Well, it’s a little bit influenced by one asset that just kept whiffing. Apparently Matcha doesn’t recognize the existence of 3CRV. When trying to route it through Uniswap, it erases all your money, as happens to so many Uniswap users. Whoopsie.
So we learned Matcha is not great at routing Curve pools. Let’s refine it to see how it compares against pools it recognizes. Knock out everything with 3CRV, and Matcha’s quote drops to 2.05% below the best quote.
Really, 2.05%? That’s quite near Curve, which we threw in and deliberately nerfed. We should expect an aggregator of several AMMs to significantly outperform a single AMM. However, it is the case that Matcha struggled with some of the more complex trades.
The big reason appears to be a poor job of integrating Curve routing. For example, in these trials 1Inch weighted trades about 51% through Uniswap, 45% through Curve. 1Inch also performed very well — usually within .05% of the best price.
In contrast, Matcha also routed about 50% through Uniswap, but just 19% through Curve. The result is underperforming on the range of 2% to 18% for its users. Yikes.
So let’s be exceedingly generous and imagine users are smart enough to heed any slippage warnings. We’ll only consider trades where Matcha did not have such high miss rates. In these cases, we see that Matcha improves to 0.14% below the optimum.
Not too bad, but if we’re going to be so generous to Matcha, we should consider being equally generous to Curve. After all, we specifically selected a few Curve pools with lower liquidity to see the effects, and even then Curve averaged just 2% below optimum. However, wipe out the pools with >1% price movement, and Curve improves to a resounding .12% below the optimum price. Not bad, considering Curve doesn’t have the crutch of routing through other exchanges.
With this mostly uniform comparison, we can fit them on a reasonable chart.
It’s fair to say, without qualification, that the numbers are phenomenal for DefiLlama. The service launched just a few days ago, and already is outperforming all others. Impressive work!
Several other questions from above dealt with Curve utilization by aggregators. We got a glimpse of the top line numbers above — where 1Inch outperformed Matcha in part by integrating more Curve routing. For these assets where Curve has liquidity, we saw optimum routing include sending about half the transaction weight through Curve.
Curve’s focus on low slippage for high dollar trades does show up a bit in the evidence. Looking into 1Inch routing, among shrimp-sized trades it only threw about 38% of trades through a Curve pool. When handling whale trades, this number jumped to 54%. In contrast, whale trades saw Uniswap weight drop from 54% to 48%. These numbers also showed up on Matcha, which is not so well integrated with Curve.
Our recommendation?
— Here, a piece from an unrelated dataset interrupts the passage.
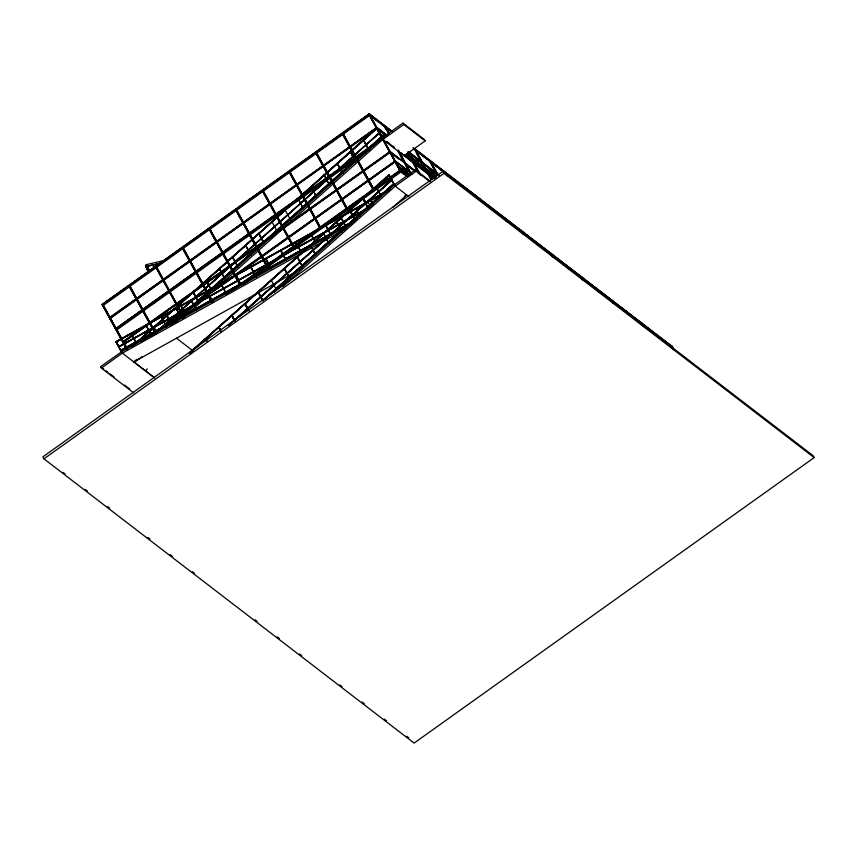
<?xml version="1.0" encoding="UTF-8"?>
<svg xmlns="http://www.w3.org/2000/svg" width="857" height="857" viewBox="0 0 857 857"><rect width="100%" height="100%" fill="white"/><g stroke="black" fill="none" stroke-linecap="round" stroke-linejoin="round"><path stroke-width="1.29" d="M131.442 346.946L376.812 128.389L134.774 344.632M131.603 347.064L376.812 128.389M133.617 345.403L376.469 128.025M152.075 335.837L379.33 133.06L152.225 335.955M156.392 332.634L379.169 132.942M170.125 325.435L381.44 136.906L170.275 325.564M173.446 323.132L381.279 136.777M175.856 322.243L382.04 138.031M136.799 359.265L133.81 361.933L301.643 268.595M182.616 318.333L382.833 139.466L403.786 124.511L425.158 140.923L404.204 155.878L401.387 152.878M145.283 370.749L147.275 368.96M189.676 352.709L389.228 175.085L190.018 353.063M189.836 352.827L389.228 175.085M189.858 352.945L388.885 174.732M228.241 325.585L391.928 180.002L234.55 320.604M229.387 324.814L391.745 179.756M233.404 321.375L391.767 179.884M264.213 299.168L393.856 183.602L264.374 299.286M264.395 299.404L394.038 183.837L264.556 299.532M273.94 292.408L394.456 184.737L415.409 169.782L430.182 181.127M282.692 286.72L395.248 186.162L416.202 171.207L429.914 181.738M392.774 207.426L406.711 194.968L404.386 196.264M148.432 271.198L145.872 266.538L146.922 265.799L147.5 266.238M148.764 271.133L146.204 266.484L147.168 266.302L146.547 266.741M369.313 114.163L369.613 114.699L102.604 304.781L102.304 304.246L369.003 113.927L391.585 131.421M126.665 349.27L102.165 304.717L369.421 113.917L392.602 131.721M102.615 304.631L369.303 114.313M369.742 114.227L102.165 304.717M369.185 114.709L369.667 114.367L391.842 131.4M103.108 305.52L369.796 115.213L391.017 131.507M109.675 317.647L376.684 127.564L376.973 128.1L110.285 318.418L109.675 317.647L376.684 127.564M376.309 127.661L376.791 127.318L386.871 135.063M109.975 318.183L376.716 128.014M381.965 138.223L376.384 128.25L377.026 127.768L387.107 135.502M386.925 135.974L377.38 128.636M363.272 139.97L368.864 149.932L363.614 139.723M383.979 126.011L384.536 125.529L388.735 132.878M384.868 125.84L384.3 126.247L385.918 129.525M384.782 125.979L384.311 126.322L390.353 130.96M350.17 151.678L355.751 161.641L350.502 151.432M337.069 163.387L342.65 173.35L337.401 163.141M379.651 133.488L384.172 136.542M379.79 133.756L384.322 136.809M323.957 175.096L329.538 185.058L324.289 174.849M310.855 186.805L316.437 196.767L311.187 186.558M425.158 140.923L424.376 139.498L402.994 123.076L115.877 328.606M297.743 198.513L303.335 208.476L298.075 198.278M376.341 143.483L116.177 329.142L115.984 328.36M115.609 328.799L381.472 139.209M382.308 138.48L377.23 128.368M381.461 139.359L115.791 328.938L110.253 318.89M116.606 330.084L370.235 149.097M285.156 210.126L290.555 219.949M277.272 231.519L271.873 221.695M264.01 243.602L258.76 233.404L264.342 243.367M245.327 245.348L250.908 255.311M232.215 257.057L237.796 267.02M389.903 189.343L116.027 341.664L121.298 351.745L116.231 341.686L390.064 189.461M219.113 268.766L224.695 278.729M130.864 333.598L136.445 343.561M206.001 280.475L211.593 290.437L206.333 280.239M145.829 325.274L151.421 335.237L146.161 325.039M272.676 236.114L123.226 342.297L122.937 341.761L281.857 228.348M288.391 223.688L389.935 151.689L390.235 152.225L280.293 230.672M192.9 292.183L198.481 302.146L193.414 292.087M389.571 151.775L390.042 151.443L415.249 170.789M273.469 234.797L122.937 341.761M278.911 230.919L281.085 229.365M285.435 226.259L389.935 151.689M123.226 342.297L276.715 232.772M278.889 231.219L282.157 228.883M285.424 226.548L390.235 152.225M389.817 152.225L390.289 151.882L415.495 171.239M166.387 326.913L161.137 316.715L166.719 326.678M179.788 303.892L185.38 313.855L180.131 303.657M181.352 318.59L176.103 308.391L181.684 318.354M166.686 315.601L171.486 324.332M398.334 150.296L410.846 173.992M196.317 310.266L191.068 300.068L196.649 310.03M153.585 327.31L156.767 332.912M133.713 392.902L101.394 368.082L100.601 366.657L121.812 351.649M211.283 301.943L206.034 291.744L211.615 301.707M140.473 339.018L141.855 341.343M101.394 368.082L122.347 353.127L346.11 228.68M220.667 283.656L226.248 293.619L220.999 283.41M411.885 173.564L394.766 160.955M141.148 341.814L210.822 292.098M215.171 288.991L395.098 161.062L213.307 290.791M146.911 338.172L153.435 333.512M156.702 331.188L164.33 325.746M166.504 324.192L187.18 309.431M189.365 307.877L210.04 293.115M144.715 340.025L147.982 337.69M150.157 336.137L205.669 296.522M213.286 291.08L395.388 161.598L212.515 292.098M235.964 275.086L241.213 285.295L236.146 275.236M394.97 161.609L395.452 161.266L410.567 172.878L410.096 173.21M198.299 302.007L193.232 291.948M153.735 334.048L200.538 300.646M673.441 348.778L672.145 346.432L414.777 148.754L414.531 149.472M250.598 267.009L256.189 276.972L250.93 266.763M265.563 258.685L271.155 268.648L265.906 258.439M397.327 165.647L409.282 174.4M397.477 165.915L409.432 174.667M280.539 250.351L286.12 260.324L280.871 250.115M388.799 174.957L394.381 184.919M295.504 242.028L301.086 252.001L295.836 241.792M406.122 173.457L402.672 166.526L408.253 176.499M399.437 169.482L408.361 176.071M375.698 186.665L381.279 196.628M415.677 158.427L421.408 168.015M310.47 233.704L316.051 243.677M225.777 294.487L399.94 170.2L407.664 176.06M232.365 271.037L208.851 228.583L239.789 284.867L240.667 284.695M266.452 265.831L235.514 209.558L266.452 265.831L267.341 265.67L236.093 209.151L267.03 265.424M282.478 227.105L262.188 190.522L293.126 246.805L294.005 246.634L263.067 190.361M307.213 204.566L288.852 171.496L319.79 227.769L320.679 227.598L309.077 206.494M331.948 182.016L315.526 152.46L346.464 208.733L347.342 208.572L333.812 183.944M356.683 159.466L342.189 133.435L373.127 189.708L374.016 189.536L342.768 133.017L373.706 189.301M231.519 290.994L400.315 170.404M231.508 291.144L400.68 170.511M413.16 161.705L412.688 162.048L407.653 158.181M237.26 287.502L400.551 170.982L394.906 160.527M362.918 198.138L368.167 208.337L362.768 198.513M413.652 162.059L408.253 152.235M325.435 225.38L331.016 235.354M141.908 356.812L134.292 362.243L154.442 377.723M243.142 284.567L400.98 171.925L406.282 176.006M349.485 210.083L355.066 220.045L349.817 209.847M340.4 217.057L345.982 227.03M336.373 221.792L341.964 231.754L336.705 221.556M359.758 216.521L355.698 208.497L360.09 216.285M323.271 233.5L328.852 243.463L323.603 233.265M372.924 204.919L370.674 200.174L373.256 204.684M409.85 172.771L410.428 172.482M310.159 245.209L315.751 255.172L310.502 244.973M423.422 164.383L429.164 173.971M429.914 160.43L429.346 160.837L437.081 174.903M297.058 256.918L302.639 266.881L297.39 256.682M362.147 197.774L368.51 208.101M289.537 278.6L284.288 268.391L289.87 278.354M276.586 289.923L271.176 280.1M262.724 300.925L258.075 291.808L263.056 300.678M248.23 310.309L244.963 303.517L248.755 310.213M428.039 172.868L427.804 173.66L431.842 176.756M234.529 320.925L231.861 315.226L235.043 320.829M220.827 331.541L218.76 326.935L220.742 330.352M205.316 338.879L206.516 341.065M437.263 173.757L437.038 174.549L437.509 174.207L408.275 151.764M444.462 172.45L445.029 172.043M43.932 458.838L443.969 173.36L814.15 457.606L414.113 743.083L43.932 458.838L42.85 456.867L442.887 171.389L443.969 173.36M455.635 180.827L459.663 183.923L460.145 183.58L461.441 185.99M459.588 184.062L460.155 183.655M450.836 177.399L459.909 184.373L460.466 183.891L461.752 186.237M474.703 195.664L475.26 195.192L476.567 197.603M473.01 194.432L475.024 195.974L475.592 195.503L476.878 197.849M490.622 207.244L489.818 207.276L490.375 206.805L491.682 209.215M505.255 219.124L505.823 218.717M505.748 218.856L502.245 216.875M520.06 230.501L520.617 230.019L522.877 233.843M520.381 230.737L520.949 230.329M520.863 230.469L520.145 230.362M535.186 242.113L535.743 241.631L537.693 245.22M535.507 242.413L536.064 241.942L537.36 244.288M550.301 253.715L550.88 253.308M550.633 254.026L551.19 253.554L553.119 257.068M567.28 267.266L565.984 264.856L565.749 265.638L566.306 265.156L568.245 268.68M565.427 265.327L565.995 264.92M583.36 280.293L581.432 276.768L580.875 277.25L581.1 276.457L583.049 280.046M580.543 276.94L581.11 276.532M595.669 288.552L596.226 288.07L598.165 291.659M595.99 288.863L596.547 288.38L598.486 291.894M611.095 300.4L611.673 299.993L613.601 303.507M611.587 300.132L610.87 300.025M625.899 311.766L626.456 311.295L627.763 313.705M626.221 312.012L626.788 311.605L628.074 313.941M621.186 308.209L626.231 312.077L626.703 311.734M641.025 323.378L641.582 322.896L643.532 326.485M641.336 323.614L641.904 323.207M639.333 322.136L641.829 323.346M657.03 334.819L656.473 335.301L653.205 332.527M669.328 344.91L671.824 346.121L673.773 349.71M671.834 346.185L671.267 346.603L672.552 348.938M668.567 344.589L671.588 346.903L672.145 346.432M121.48 351.884L116.081 342.061L390.01 189.633M116.134 341.964L389.003 190.404M368.403 208.283L118.834 346.871L370.46 206.569M118.727 346.582L369.453 207.34M118.834 346.871L368.242 208.155M354.198 221.192L120.837 350.417L357.423 218.835M355.248 220.26L120.837 350.417M354.037 221.074L121.105 350.834M121.555 351.702L352.323 223.356M147.95 271.883L146.901 266.57L147.929 273.287M147.018 266.656L146.204 266.484M165.39 260.207L145.797 264.781L148.604 269.88M160.837 263.195L146.686 266.388L160.463 263.303M413.01 147.65L672.07 346.571M413.867 148.529L671.706 346.517M371.97 116.584L379.019 122.005M384.065 125.872L387.085 128.196M420.348 153.735L414.306 149.086L415.109 149.064L431.864 179.542M424.386 156.831L427.407 159.156M431.435 162.252L429.421 160.698L429.903 160.366L438.291 175.674M434.467 164.576L438.495 167.672M440.509 169.215L442.523 170.768M445.554 173.082L449.582 176.178M451.596 177.731L453.621 179.274M465.715 188.561L471.757 193.211M476.803 197.078L482.845 201.727M486.883 204.823L493.932 210.233M496.964 212.557L505.019 218.749M508.051 221.074L512.079 224.17M518.131 228.808L523.166 232.686M526.187 235L534.254 241.192M537.285 243.517L545.341 249.708M556.429 258.225L550.387 253.576L550.858 253.244L552.808 256.832M559.46 260.549L564.495 264.417M570.548 269.066L575.583 272.933M580.628 276.8L586.67 281.45M588.684 282.992L597.758 289.955M601.796 293.051L607.838 297.7M611.877 300.796L615.904 303.892M621.957 308.531L626.231 312.077M633.044 317.047L638.079 320.914M643.125 324.792L649.167 329.431M658.24 336.394L660.254 337.947M663.286 340.272L667.314 343.368M672.006 346.903L671.406 346.121M368.864 114.399L382.833 139.466L434.231 178.877M370.192 115.481L379.265 122.444M381.29 123.997L383.304 125.54M417.573 151.86L426.647 158.824M437.734 167.34L429.668 161.148L430.225 160.666L437.959 174.742M439.748 168.883L448.822 175.856M461.923 185.915L463.937 187.469M465.962 189.011L470.996 192.879M480.07 199.852L486.123 204.491M491.157 208.358L497.21 213.007M506.273 219.97L511.318 223.838M513.332 225.391L522.406 232.354M524.42 233.907L533.493 240.871M536.514 243.195L545.588 250.158M547.602 251.701L549.626 253.254M551.64 254.797L559.707 260.989M561.721 262.542L570.794 269.505M575.829 273.372L580.875 277.25M583.896 279.564L592.969 286.538M596.997 289.634L608.084 298.15M619.172 306.656L610.784 300.154L611.341 299.682L613.291 303.271M628.245 313.63L630.259 315.172M632.284 316.726L637.319 320.593M646.392 327.556L655.466 334.519M656.462 335.226L656.698 334.509L658.958 338.333M657.48 336.073L666.553 343.036M413.299 148.615L813.068 455.635L814.15 457.606M409.046 152.085L439.287 175.31M407.996 152L438.773 175.621M380.583 131.207L386.636 135.845M409.817 153.649L411.831 155.192M417.884 159.841L423.936 164.48M428.971 168.358L437.038 174.549M380.272 131.282L386.646 136.177M408.928 153.285L415.291 158.17M417.263 159.531L424.836 165.508M428.018 167.951L437.573 175.278M406.454 153.649L436.17 176.467M406.604 153.917L436.32 176.735M380.851 134.57L382.972 136.199M406.325 154.121L411.628 158.202M424.354 167.972L430.728 172.868M405.382 155.053L435.099 177.86M404.472 154.506L435.249 178.127M404.858 155.063L434.092 177.517M386.957 141.587L388.971 143.13M404.097 154.742L434.328 177.956M386.807 141.694L394.252 147.415M404.847 155.546L434.553 178.352M430.589 175.535L432.603 177.078M403.615 155.085L405.629 156.627M418.741 166.686L424.783 171.336M418.27 173.114L420.284 174.657M392.838 154.549L398.891 159.188M407.953 166.162L412.999 170.029M395.056 160.795L412.035 173.832M401.022 166.247L403.036 167.801M405.05 169.343L407.064 170.897M401.719 169.172L407.021 173.243M408.425 176.392L400.358 170.2L399.801 170.672L404.161 174.078M400.24 170.586L407.675 176.296M399.876 170.532L401.901 172.086M408.96 196.692L395.248 186.162L389.132 174.721M373.127 189.708L357.98 161.812M362.875 199.113L371.37 205.637M346.464 208.733L333.244 184.362M319.79 227.769L308.499 206.901M293.126 246.805L283.763 229.451M156.392 266.484L183.794 316.662M145.872 266.538L149.011 271.637M176.553 338.258L193.243 351.07M102.744 304.31L127.543 349.099M102.304 304.246L127.104 349.185M154.667 377.948L122.347 353.127L116.231 341.686M100.601 366.657L103.729 369.056M105.818 370.653L107.907 372.259M109.985 373.856L114.163 377.059M124.586 385.072L129.803 389.067M63 472.346L65.121 473.975M85.282 489.443L87.403 491.072M107.554 506.551L109.675 508.18M147.854 537.5L149.975 539.128M170.136 554.608L172.257 556.236M192.407 571.705L194.528 573.333M254.99 619.761L257.111 621.389M277.261 636.869L279.382 638.497M299.543 653.966L301.664 655.594M339.843 684.914L341.964 686.543M362.115 702.022L364.236 703.651M384.397 719.119L386.518 720.748M406.668 736.227L408.789 737.856M671.717 346.367L672.991 348.863M656.719 334.584L658.005 336.93M641.464 323.293L642.75 325.639M626.349 311.68L627.635 314.026M596.108 288.466L597.393 290.812M580.982 276.854L582.921 280.368M550.74 253.629L552.679 257.154M535.625 242.028L536.91 244.374M520.638 230.094L521.924 232.44M507.451 221.995L505.501 218.406L504.944 218.889L506.23 221.235M505.384 218.803L506.669 221.149M491.993 209.451L490.707 207.115L489.904 207.137M475.142 195.589L476.438 197.924M460.027 183.976L461.312 186.323M447.279 175.803L445.351 172.278L444.794 172.76L445.019 171.968L446.968 175.556M444.901 172.364L446.197 174.71M429.786 160.752L437.52 174.828M435.902 177.881L431.51 170.093L434.178 175.792M402.994 123.076L403.786 124.511M414.777 148.754L431.553 179.306M414.659 149.139L431.425 179.627M416.159 152.75L427.761 173.853M429.046 176.188L430.332 178.535M416.877 160.613L418.859 164.019M408.361 152.696L420.616 174.967M408.05 152.45L420.294 174.732M407.921 152.771L419.523 173.875M408.125 154.035L418.441 172.793M415.409 169.782L416.202 171.207M398.398 150.457L411.296 173.907M384.557 125.604L389.067 133.81M398.087 150.221L410.985 173.671M384.429 125.925L388.939 134.131M398.162 151.796L410.407 174.078M393.513 146.836L394.295 148.272M369.421 113.917L400.605 170.639L400.123 170.982L368.938 114.26M369.003 113.927L400.98 171.925M383.358 140.43L400.112 170.918M363.454 140.109L368.864 149.932M376.03 186.43L381.429 196.253M342.639 133.349L373.577 189.622M350.352 151.818L355.751 161.641M370.674 200.174L373.074 204.544M331.209 141.501L331.702 142.391M344.46 165.626L345.2 166.965M337.251 163.526L342.65 173.35M355.698 208.497L359.908 216.135M349.667 210.222L355.066 220.045M332.527 181.609L316.094 152.053L347.031 208.326M315.965 152.375L346.903 208.658M340.732 216.821L346.142 226.644M336.555 221.931L341.964 231.754M325.767 225.145L331.166 234.968M307.781 204.148L289.43 171.089L320.368 227.362M289.302 171.411L320.239 227.683M310.802 233.468L316.201 243.292M295.686 242.177L301.086 252.001M262.628 190.436L293.565 246.72M280.721 250.501L286.12 260.324M284.288 268.391L289.687 278.214M258.76 233.404L264.16 243.227M265.745 258.825L271.155 268.648M235.954 209.472L266.891 265.745M245.659 245.113L251.058 254.936M250.78 267.148L256.189 276.972M258.075 291.808L262.874 300.539M232.547 256.821L237.957 266.645M240.024 283.528L209.419 228.176L240.356 284.46M209.29 228.508L240.228 284.781M233.65 273.383L239.457 283.935M244.963 303.517L249.173 311.166M244.813 303.892L248.412 310.448M219.446 268.53L224.845 278.354M231.861 315.226L234.861 320.689M231.711 315.601L234.711 321.064M206.183 280.614L211.593 290.437M212.707 301.385L182.745 247.212L213.039 302.317M182.616 247.534L212.911 302.639M206.333 291.241L182.177 247.619L211.829 301.546M208.272 294.754L212.14 301.793M206.034 291.744L211.433 301.568M218.76 326.935L220.56 330.213M218.599 327.31L220.41 330.588M191.068 300.068L196.467 309.891M205.648 338.644L207.03 340.968M179.981 304.031L185.38 313.855M155.953 266.57L183.666 316.983M182.895 316.137L155.513 266.656L183.227 317.069M152.621 265.134L153.906 267.47M176.103 308.391L181.502 318.215M146.922 265.799L150.125 271.615M146.826 266.034L149.386 270.694M167.019 315.365L172 324.235M166.869 315.74L171.668 324.482M140.709 277.443L141.201 278.332M153.971 301.557L154.71 302.896M161.137 316.715L166.537 326.538M153.917 327.074L157.099 332.677M155.503 332.409L129.407 285.274L155.835 333.341M129.278 285.595L155.706 333.673M155.578 333.994L128.839 285.681L155.267 333.748M140.805 338.783L142.187 341.107M131.196 333.362L136.606 343.186M102.733 304.235L127.232 348.863M102.251 304.578L126.975 349.506M146.901 266.57L147.822 271.787M147.104 264.974L145.39 266.195L146.268 267.802L147.982 266.581L147.104 264.974"/></g></svg>

Use DefiLlama, maybe shop around at
Considerations
The biggest thing to keep in mind with all this is the biased sample of assets. Different results would probably come by sampling actual trades and tracking the results.
Of course, maybe a dozen other aggregators exist. We can’t rule out that other aggregators may do even better.
Other chains may be different, especially given reduced gas costs.
We didn’t account too much for the fact DefiLlama considers gas costs in their calculations — we didn’t have to as they outperformed, but their hit rate may be even better if this was backed out.
Several holes exist, but as a quick snapshot it was a useful way to view some of the trends. Hopefully this can inspire more diligent researchers inclined to give the subject its due!